字幕列表 影片播放
Katrin Erk>> It's so incredibly to process language which is ridiculous
because little children can speak. Little kids learn language
by being in the middle of the world. So, they have all these
visions, sound and they have language to go along with that.
The way that computers learn language nowadays is
more like if you sat a baby down with
a huge pile of The New York Times and said, "OK, here you go, now learn language."
One problem with human language is that it's horribly
ambiguous. Take, for example, the word "run." You can
run a race, run a company or you
run your car into a bog. Run-ing, running.
Traditionally what people have done is try to get the computer to
pick up on patterns using a dictionary. So,
here is this clear list of senses, so, run has say, 20
and here's the list. And then,
if you had one occurrence like "he ran the company" you would have to say,
"OK, that is sense #12 and not sense #11 and not sense #13."
Trouble is, all of those meanings are somewhat related
but, they're still different because you draw different conclusions.
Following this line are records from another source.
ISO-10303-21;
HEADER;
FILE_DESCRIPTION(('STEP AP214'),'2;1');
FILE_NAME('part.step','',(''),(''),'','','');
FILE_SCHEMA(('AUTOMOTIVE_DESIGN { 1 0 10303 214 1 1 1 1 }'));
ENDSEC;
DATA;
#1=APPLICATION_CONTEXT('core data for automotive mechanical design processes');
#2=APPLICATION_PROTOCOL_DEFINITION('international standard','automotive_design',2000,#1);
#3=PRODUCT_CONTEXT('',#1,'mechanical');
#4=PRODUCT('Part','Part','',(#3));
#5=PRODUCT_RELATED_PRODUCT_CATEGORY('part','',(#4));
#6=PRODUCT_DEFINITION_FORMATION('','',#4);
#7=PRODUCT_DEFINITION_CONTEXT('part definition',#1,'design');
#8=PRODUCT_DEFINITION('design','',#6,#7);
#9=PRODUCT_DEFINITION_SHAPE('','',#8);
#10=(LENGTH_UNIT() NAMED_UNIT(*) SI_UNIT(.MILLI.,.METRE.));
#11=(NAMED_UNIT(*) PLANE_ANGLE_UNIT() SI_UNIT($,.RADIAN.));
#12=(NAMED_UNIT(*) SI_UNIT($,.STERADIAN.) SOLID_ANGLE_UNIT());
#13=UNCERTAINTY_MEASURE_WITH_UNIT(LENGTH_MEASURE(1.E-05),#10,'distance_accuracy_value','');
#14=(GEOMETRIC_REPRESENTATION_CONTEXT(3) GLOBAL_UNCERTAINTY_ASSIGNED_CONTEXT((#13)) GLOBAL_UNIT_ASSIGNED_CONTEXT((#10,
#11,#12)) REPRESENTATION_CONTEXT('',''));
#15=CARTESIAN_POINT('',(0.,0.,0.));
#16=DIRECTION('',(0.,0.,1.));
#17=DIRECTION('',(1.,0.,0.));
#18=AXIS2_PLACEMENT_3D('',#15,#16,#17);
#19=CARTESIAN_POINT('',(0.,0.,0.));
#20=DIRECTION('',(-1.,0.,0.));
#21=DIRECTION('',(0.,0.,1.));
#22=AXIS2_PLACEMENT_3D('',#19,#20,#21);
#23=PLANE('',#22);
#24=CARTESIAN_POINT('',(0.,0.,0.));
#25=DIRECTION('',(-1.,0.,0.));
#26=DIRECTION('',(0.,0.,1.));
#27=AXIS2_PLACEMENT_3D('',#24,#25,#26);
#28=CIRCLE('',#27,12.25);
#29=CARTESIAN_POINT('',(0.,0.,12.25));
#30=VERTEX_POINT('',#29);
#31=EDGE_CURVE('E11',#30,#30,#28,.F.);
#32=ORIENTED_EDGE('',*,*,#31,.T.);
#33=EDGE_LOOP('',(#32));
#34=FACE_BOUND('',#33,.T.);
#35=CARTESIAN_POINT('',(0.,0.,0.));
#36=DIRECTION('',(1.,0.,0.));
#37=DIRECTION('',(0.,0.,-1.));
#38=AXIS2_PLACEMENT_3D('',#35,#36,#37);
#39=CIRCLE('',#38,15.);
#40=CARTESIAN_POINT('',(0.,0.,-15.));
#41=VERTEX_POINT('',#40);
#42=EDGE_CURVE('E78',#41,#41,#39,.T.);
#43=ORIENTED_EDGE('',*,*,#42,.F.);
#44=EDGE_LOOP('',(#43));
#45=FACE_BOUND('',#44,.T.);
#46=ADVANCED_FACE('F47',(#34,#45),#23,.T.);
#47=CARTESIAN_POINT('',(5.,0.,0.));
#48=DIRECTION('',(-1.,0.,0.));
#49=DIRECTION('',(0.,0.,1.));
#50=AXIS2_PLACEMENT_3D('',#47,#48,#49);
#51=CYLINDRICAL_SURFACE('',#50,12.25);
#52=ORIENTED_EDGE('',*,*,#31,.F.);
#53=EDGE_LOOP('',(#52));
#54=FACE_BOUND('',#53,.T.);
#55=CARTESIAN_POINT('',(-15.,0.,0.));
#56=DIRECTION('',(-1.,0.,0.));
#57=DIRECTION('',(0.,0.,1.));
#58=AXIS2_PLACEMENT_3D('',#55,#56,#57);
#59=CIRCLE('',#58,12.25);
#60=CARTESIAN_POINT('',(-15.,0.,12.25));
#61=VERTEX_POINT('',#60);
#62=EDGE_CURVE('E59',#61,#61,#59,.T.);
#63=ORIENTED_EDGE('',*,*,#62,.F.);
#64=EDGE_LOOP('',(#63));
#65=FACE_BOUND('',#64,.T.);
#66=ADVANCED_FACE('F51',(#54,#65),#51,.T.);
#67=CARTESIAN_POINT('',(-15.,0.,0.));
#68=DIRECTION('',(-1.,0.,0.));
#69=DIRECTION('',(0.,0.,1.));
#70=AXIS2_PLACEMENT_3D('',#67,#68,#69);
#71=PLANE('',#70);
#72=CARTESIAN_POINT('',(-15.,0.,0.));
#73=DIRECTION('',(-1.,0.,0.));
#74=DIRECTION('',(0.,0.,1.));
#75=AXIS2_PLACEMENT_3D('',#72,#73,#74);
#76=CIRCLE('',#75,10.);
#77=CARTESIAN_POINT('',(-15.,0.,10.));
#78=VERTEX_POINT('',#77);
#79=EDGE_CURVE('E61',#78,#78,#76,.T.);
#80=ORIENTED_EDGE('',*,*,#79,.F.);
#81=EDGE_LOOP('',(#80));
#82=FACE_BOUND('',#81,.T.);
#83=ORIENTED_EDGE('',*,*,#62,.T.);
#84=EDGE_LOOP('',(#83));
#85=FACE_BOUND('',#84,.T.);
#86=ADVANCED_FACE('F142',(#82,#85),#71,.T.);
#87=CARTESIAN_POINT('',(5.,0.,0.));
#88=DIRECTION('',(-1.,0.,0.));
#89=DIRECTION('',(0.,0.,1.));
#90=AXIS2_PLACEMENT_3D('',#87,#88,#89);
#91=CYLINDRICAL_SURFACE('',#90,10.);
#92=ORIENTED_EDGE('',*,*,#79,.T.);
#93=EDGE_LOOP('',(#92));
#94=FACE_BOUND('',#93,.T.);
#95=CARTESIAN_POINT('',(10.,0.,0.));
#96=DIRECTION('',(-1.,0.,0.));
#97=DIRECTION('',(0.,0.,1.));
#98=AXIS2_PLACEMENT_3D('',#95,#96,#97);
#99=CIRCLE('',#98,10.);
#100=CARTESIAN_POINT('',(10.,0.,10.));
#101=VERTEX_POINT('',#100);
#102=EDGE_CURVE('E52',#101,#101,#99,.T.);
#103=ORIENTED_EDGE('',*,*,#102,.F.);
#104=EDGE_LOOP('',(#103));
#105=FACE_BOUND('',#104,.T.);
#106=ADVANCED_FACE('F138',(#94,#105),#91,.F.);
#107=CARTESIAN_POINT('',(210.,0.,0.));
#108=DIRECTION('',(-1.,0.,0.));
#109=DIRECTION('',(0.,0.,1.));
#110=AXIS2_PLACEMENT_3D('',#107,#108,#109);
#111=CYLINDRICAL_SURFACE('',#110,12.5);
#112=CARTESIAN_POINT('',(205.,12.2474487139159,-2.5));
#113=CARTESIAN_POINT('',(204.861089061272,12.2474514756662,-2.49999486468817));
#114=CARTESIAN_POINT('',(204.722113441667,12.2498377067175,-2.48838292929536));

Now, what's the poor computer to do. So, I'm thinking
maybe we can't distinguish senses as clearly say, here's where one
sense begins, here's where the next sense stops. What I'm doing
is to represent each time you use a word like run
with the context in which it appears. So, all of this context
you can put into numbers and then present such a context as a point
in a high dimensional space. And in order to represent
words as these points in high dimensional space I need a whole
lot of data. I need to have all that context and I need to have it in a form
that I can count it, which means, 100 million words is good,
a billion is better, 2 billion or 3 billion words, yeah,
then you can actually get decent models. But if you want to
compute with that amount of data and you do this on a single desktop machine
then you better be prepared to wait for a long time and I did that for a while.
I'd start an experiment, wait 3 weeks to see how it got out,
that's painful, really painful.
With TACC I can do the same things in a couple hours. So, we need super-computing because
all of natural language processing these days but, in particular when you want to do
stuff with word meanings you need to use a lot of data and I mean a lot of data.